On the cheating side, stats say 97 to 99% of cheating couples can not sustain a marriage. Only 10% can sustain a long term relationship. 

Just to throw in another stat 80% of couples that divorce over adultery wish they had worked it out and not divorced. So I'm sure most move on but what else can they do?


----------



## that_girl (Jul 6, 2011)

I will never marry again if something should happen to my husband.


----------



## Chaparral (Jul 17, 2011)

"It is convenient to trot out this old tale of woe for woman."

Its woe for men and women


"It is an attempt to regain control."

BS political correctness run amok.

" If a woman's prospects were so bad, why would any leave a marriage?"

Poor thinking skills, lack of self discipline. Thinking life is so hard in the modern world when actually we're living in the Golden age of civilization.

" They didn't pre 1950 because they knew the odds were against them. In reality, the odds are not against woman who leave no more than the odds are against men."

In the 50's the sexes had fairly defined roles. It wasn't a question. 
Women held the family together men provided. Women were the brake on men's behavior. Have you noticed how the more revealing young women are dressing now the more young men are covering up. Wearing layered shirts in the summertime short pants that are way below the knee, even to the ankle in some instances, sagging not withstanding. Even men's swimsuits are below the knee some even wearing shirts to swim in. the tighter girl's clothing gets the baggier the boys clothes get LOL

"The old controls are gone even the mind control."

ROTFLMAO


----------



## that_girl (Jul 6, 2011)

I would have loved to have been a 1950s housewife.

Don't kill me for saying that.


----------



## Chaparral (Jul 17, 2011)

that_girl said:


> I would have loved to have been a 1950s housewife.
> 
> Don't kill me for saying that.




How about those clothes and the hairdos. I thought June Cleaver was the coolest mom.


----------



## that_girl (Jul 6, 2011)

chapparal said:


> How about those clothes and the hairdos. I thought June Cleaver was the coolest mom.


Omg...I love the clothing and hair :rofl: I do!

I just think it was easier back then.

I find it difficult to switch off my role of power in my career, in order to be the wife I want to be when I get home.

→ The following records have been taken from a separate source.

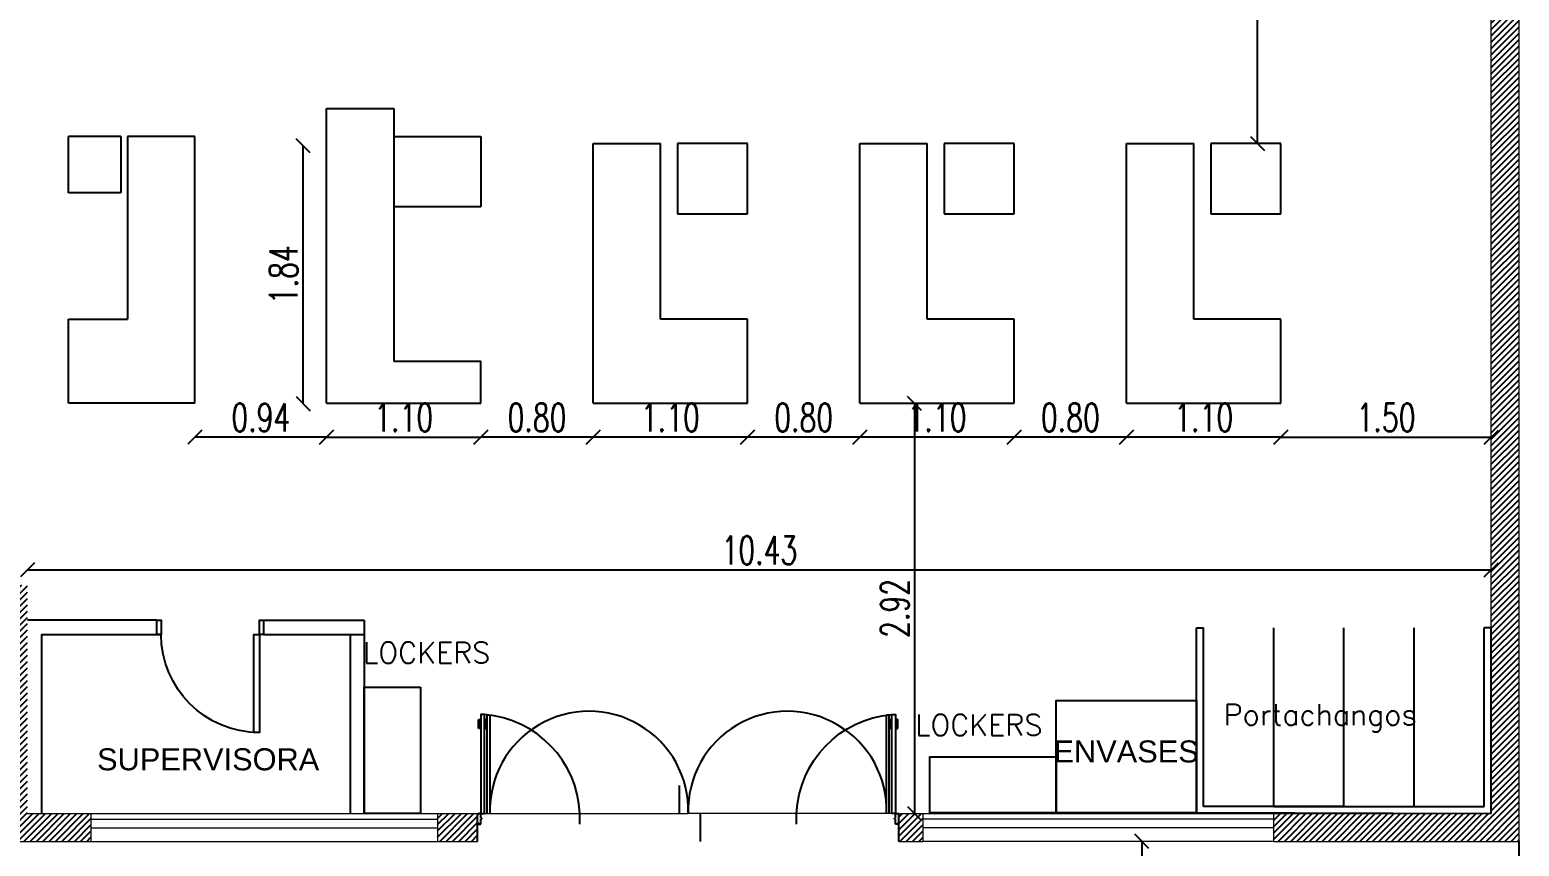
# Model space of a CAD drawing. Header units: millimetres. Extents: x 2448 to 2576, y 1154 to 1321.
# Drawn here: x 2510.92 to 2521.53, y 1193.47 to 1199.29 of the extents above; entities that cross this region are included whole.
import ezdxf

# ---------------------------------------------------------------- set-up
doc = ezdxf.new("R2010")
doc.units = ezdxf.units.MM
for name, pattern in [('ACAD_ISO02W100', [15, 12, -3]), ('X-REF T19$0$ACAD_ISO02W100', [15, 12, -3]), ('X-REF T19$0$HIDDEN', [0.375, 0.25, -0.125])]:
    doc.linetypes.add(name, pattern=pattern)
for name, color, linetype in [('0_PUERTAS-VENTANAS', 3, 'Continuous'), ('A-COTAS', 7, 'Continuous'), ('COTAS', 7, 'Continuous'), ('E- CHECK OUT', 2, 'Continuous'), ('E_EQUIPAMIENTO', 1, 'Continuous'), ('T_TEXTOS', 3, 'Continuous'), ('X-REF T19$0$0.1', 1, 'Continuous'), ('X-REF T19$0$A-CARPINTERIA METALICA', 1, 'Continuous'), ('X-REF T19$0$A-HATCH', 8, 'Continuous'), ('X-REF T19$0$A-MAMPOSTERIA', 5, 'Continuous'), ('X-REF T19$0$A-PROYECCION', 1, 'Continuous'), ('X-REF T19$0$A-TABIQUE DURLOCK o MADERA', 3, 'Continuous'), ('X-REF T19$0$A-VISTAS', 8, 'Continuous'), ('X-REF T19$0$E-GENERAL', 8, 'Continuous'), ('X-REF-T02$0$A-MAMPOSTERIA', 5, 'Continuous')]:
    doc.layers.add(name, color=color, linetype=linetype)
doc.styles.add('Arial', font='arial.ttf', dxfattribs={"height": 0.25})
doc.styles.add('COTAS', font='ROMANS.shx', dxfattribs={"width": 0.7})
doc.styles.add('ROMANS', font='ROMANS')
doc.dimstyles.new('COTA-I-N-2-85', dxfattribs={"dimscale": 0, "dimtxt": 0.2, "dimasz": 0.1, "dimexe": 0, "dimexo": 0, "dimgap": 0.04, "dimtad": 1, "dimzin": 1, "dimdsep": 46, "dimtxsty": 'COTAS', "dimblk": 'OBLIQUE', "dimcen": 0.1, "dimse1": 1, "dimse2": 1, "dimclrd": 256, "dimclre": 256, "dimclrt": 256, "dimadec": 0, "dimazin": 0, "dimtfac": 1, "dimtmove": 1, "dimatfit": 3, "dimldrblk": 'OBLIQUE', "dimfxl": 1, "dimtvp": -0.8, "dimtolj": 1, "dimtzin": 0, "dimarcsym": 0})
pattern_1 = [(45, (2241.705422, 1029.624675), (-0.0224506403, 0.0224506403), [])]

# ---------------------------------------------------------------- blocks, each defined once
blk = doc.blocks.new('_Oblique')
at = {"color": 0, "linetype": 'ByBlock', "lineweight": -2}
blk.add_line((-0.5, -0.5), (0.5, 0.5), dxfattribs=at)
blk = doc.blocks.new('*D34')
at = {"layer": 'COTAS', "linetype": 'ACAD_ISO02W100', "lineweight": -2, "transparency": 16777216}
blk.add_line((2510.906, 1195.441), (2521.336, 1195.441), dxfattribs=at)
at = {"layer": 'DEFPOINTS', "color": 0, "linetype": 'ACAD_ISO02W100', "transparency": 16777216}
for p in [(2521.336, 1195.441), (2510.906, 1193.705), (2521.336, 1193.705)]:
    blk.add_point(p, dxfattribs=at)
at = {"layer": 'COTAS', "linetype": 'ACAD_ISO02W100', "lineweight": -2, "transparency": 16777216, "xscale": 0.1, "yscale": 0.1, "zscale": 0.1, "rotation": 180}
blk.add_blockref('_Oblique', (2510.906, 1195.441), dxfattribs=at)
at = {"layer": 'COTAS', "linetype": 'ACAD_ISO02W100', "lineweight": -2, "transparency": 16777216, "xscale": 0.1, "yscale": 0.1, "zscale": 0.1}
blk.add_blockref('_Oblique', (2521.336, 1195.441), dxfattribs=at)
at = {"layer": 'COTAS', "linetype": 'ACAD_ISO02W100', "transparency": 16777216, "insert": (2516.121, 1195.581), "char_height": 0.2, "attachment_point": 5, "style": 'COTAS'}
blk.add_mtext('\\A1;10.43', dxfattribs=at)
blk = doc.blocks.new('*D35')
at = {"layer": 'COTAS', "linetype": 'ACAD_ISO02W100', "lineweight": -2, "transparency": 16777216}
blk.add_line((2517.227, 1196.628), (2517.227, 1193.705), dxfattribs=at)
at = {"layer": 'DEFPOINTS', "color": 0, "linetype": 'ACAD_ISO02W100', "transparency": 16777216}
for p in [(2516.837, 1196.628), (2517.2, 1193.705), (2517.227, 1193.705)]:
    blk.add_point(p, dxfattribs=at)
at = {"layer": 'COTAS', "linetype": 'ACAD_ISO02W100', "lineweight": -2, "transparency": 16777216, "xscale": 0.1, "yscale": 0.1, "zscale": 0.1}
for p, rotation in [((2517.227, 1196.628), 90), ((2517.227, 1193.705), 270)]:
    blk.add_blockref('_Oblique', p, dxfattribs=dict(at, rotation=rotation))
at = {"layer": 'COTAS', "linetype": 'ACAD_ISO02W100', "transparency": 16777216, "insert": (2517.087, 1195.167), "char_height": 0.2, "attachment_point": 5, "rotation": 90, "style": 'COTAS'}
blk.add_mtext('\\A1;2.92', dxfattribs=at)
blk = doc.blocks.new('*D36')
at = {"layer": 'COTAS', "linetype": 'ACAD_ISO02W100', "lineweight": -2, "transparency": 16777216}
blk.add_line((2519.837, 1196.388), (2521.336, 1196.388), dxfattribs=at)
at = {"layer": 'DEFPOINTS', "color": 0, "linetype": 'ACAD_ISO02W100', "transparency": 16777216}
for p in [(2519.837, 1196.629), (2521.336, 1196.629), (2521.336, 1196.388)]:
    blk.add_point(p, dxfattribs=at)
at = {"layer": 'COTAS', "linetype": 'ACAD_ISO02W100', "lineweight": -2, "transparency": 16777216, "xscale": 0.1, "yscale": 0.1, "zscale": 0.1, "rotation": 180}
blk.add_blockref('_Oblique', (2519.837, 1196.388), dxfattribs=at)
at = {"layer": 'COTAS', "linetype": 'ACAD_ISO02W100', "lineweight": -2, "transparency": 16777216, "xscale": 0.1, "yscale": 0.1, "zscale": 0.1}
blk.add_blockref('_Oblique', (2521.336, 1196.388), dxfattribs=at)
at = {"layer": 'COTAS', "linetype": 'ACAD_ISO02W100', "transparency": 16777216, "insert": (2520.586, 1196.528), "char_height": 0.2, "attachment_point": 5, "style": 'COTAS'}
blk.add_mtext('\\A1;1.50', dxfattribs=at)
blk = doc.blocks.new('*D37')
at = {"layer": 'COTAS', "linetype": 'ACAD_ISO02W100', "lineweight": -2, "transparency": 16777216}
blk.add_line((2519.837, 1196.388), (2518.737, 1196.388), dxfattribs=at)
at = {"layer": 'DEFPOINTS', "color": 0, "linetype": 'ACAD_ISO02W100', "transparency": 16777216}
for p in [(2518.737, 1196.629), (2519.837, 1196.629), (2518.737, 1196.388)]:
    blk.add_point(p, dxfattribs=at)
at = {"layer": 'COTAS', "linetype": 'ACAD_ISO02W100', "lineweight": -2, "transparency": 16777216, "xscale": 0.1, "yscale": 0.1, "zscale": 0.1, "rotation": 180}
blk.add_blockref('_Oblique', (2518.737, 1196.388), dxfattribs=at)
at = {"layer": 'COTAS', "linetype": 'ACAD_ISO02W100', "lineweight": -2, "transparency": 16777216, "xscale": 0.1, "yscale": 0.1, "zscale": 0.1}
blk.add_blockref('_Oblique', (2519.837, 1196.388), dxfattribs=at)
at = {"layer": 'COTAS', "linetype": 'ACAD_ISO02W100', "transparency": 16777216, "insert": (2519.287, 1196.528), "char_height": 0.2, "attachment_point": 5, "style": 'COTAS'}
blk.add_mtext('\\A1;1.10', dxfattribs=at)
blk = doc.blocks.new('*D38')
at = {"layer": 'COTAS', "linetype": 'ACAD_ISO02W100', "lineweight": -2, "transparency": 16777216}
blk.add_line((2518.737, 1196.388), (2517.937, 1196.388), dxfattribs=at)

My husband is a powerful being. He is considerate and genuine in his approach too so it's easy to want to have a hot meal on the table at 7  

My friends laugh at me for my ideals. I lost them for a while...funny, that's when my husband became unhappy. Hmmmm...coinkidink? I think not.


----------



## sprinter (Jul 25, 2011)

Mine left me. Much better off without her.


----------



## Catherine602 (Oct 14, 2010)

That girl why! 
My Mom was a SAHM. She did not drive, had no money of her own, my father took her everywhere she needed to go. She did not even go grocery shopping on her own he liked going with her. He was a wonderful provder, worked hard, gave us all what he thought we needed. He did his part according to the standards he set. He make it happen, he was king of his domain and we were his dependants. For my father it was paradise, for my mother hell.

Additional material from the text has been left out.